Getting started with Office Add-ins

To see this in practice, I have not only published the above mentioned Add-In in my own organization, but also packed it directly into the Microsoft AppSource Add-In/App Store. So you can easily test the look and feel of a very simple office add-in and transfer this procedure to your own business logic (in the Outlook client there is the possibility to search and install the function “Reply with attachment” via “Get Add-ins”).

By the way, the Reply with attachment feature is one of the most desired features of the entire office environment. In addition, this feature has not only polarized our project stakeholders but causes complaining ex-Notes users and opponents of Outlook everywhere on the Internet (take a look in the Microsoft Uservoice Forum of the feature “Reply with attachment” nearly every second post is from an ex-Notes user)

The advantage: The add-ins can be distributed and published within the organization and thus seamlessly integrated into the own on premises infrastructure.

The disadvantage: No offline possibilities like with Notes!

Photo by Tyler Nix on Unsplash

What have I taken with me?

All that glitters is not gold and the sustainable replacement of a Notes environment is less a technical than an organizational challenge that can only be mastered with a good change management (because unfortunately the Office Addins don’t offer the same possibilities as we know them from Domino ;-) ).

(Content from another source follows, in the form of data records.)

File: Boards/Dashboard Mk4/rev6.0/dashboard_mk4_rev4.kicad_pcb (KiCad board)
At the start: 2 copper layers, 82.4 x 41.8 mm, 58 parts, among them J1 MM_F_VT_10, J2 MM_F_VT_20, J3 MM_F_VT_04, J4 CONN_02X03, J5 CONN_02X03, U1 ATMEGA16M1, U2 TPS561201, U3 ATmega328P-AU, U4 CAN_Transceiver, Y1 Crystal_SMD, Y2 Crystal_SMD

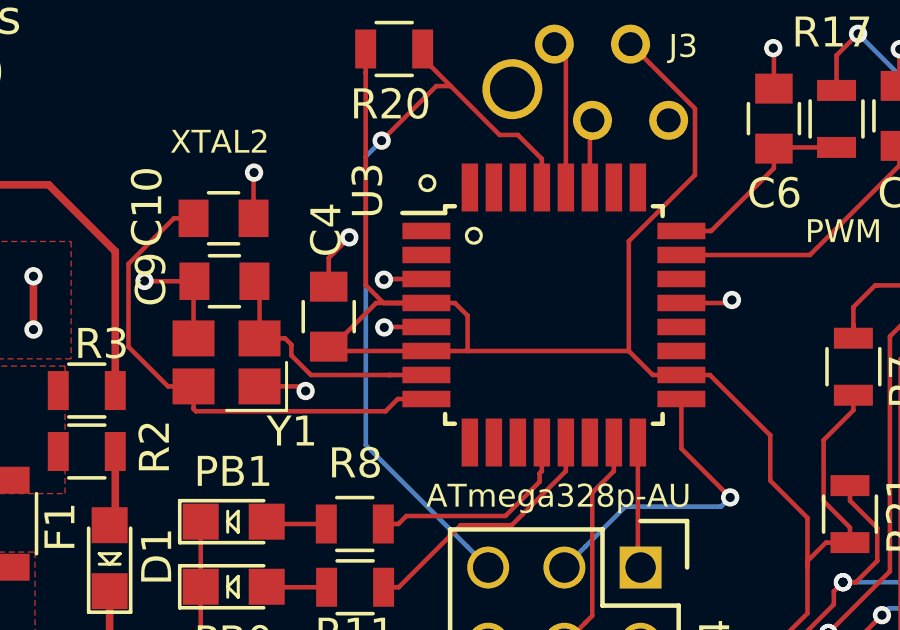
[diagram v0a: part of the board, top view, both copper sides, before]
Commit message: Added interface board
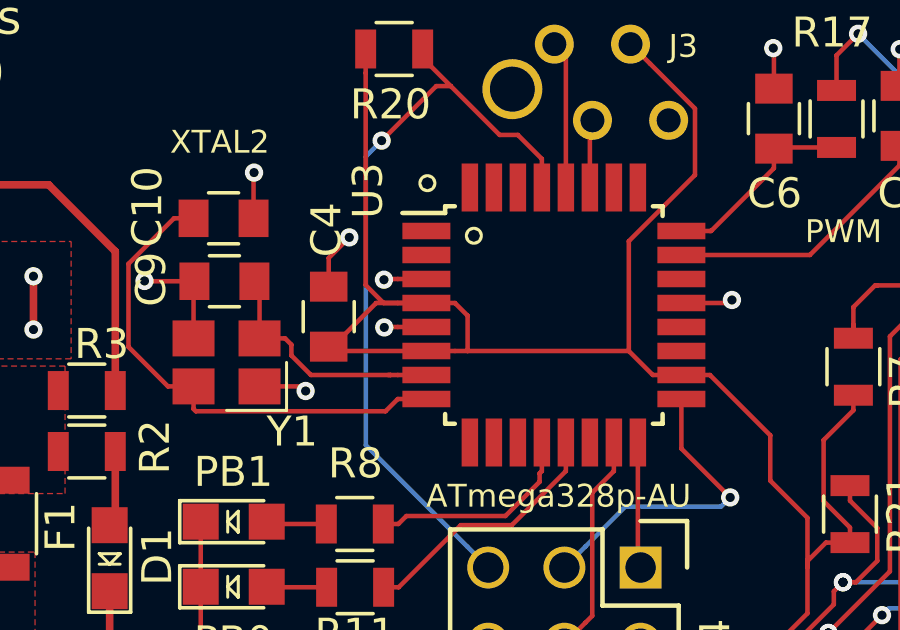
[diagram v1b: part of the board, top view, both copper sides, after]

Furthermore, try to become a good friend of the Notes guys and please, don’t blame these guys because there is no Microsoft logo on their achievements (yea, time has changed and Microsoft consultants/developers are now proud on their company too :-) ).

Please do not take the prejudices mentioned in the text too seriously. These have only been placed to make such a boring topic more exciting.

PS: The Notes colleague became over time not only one of my strongest supporters in the project but also a really good friend. That’s why I dedicate this text to him.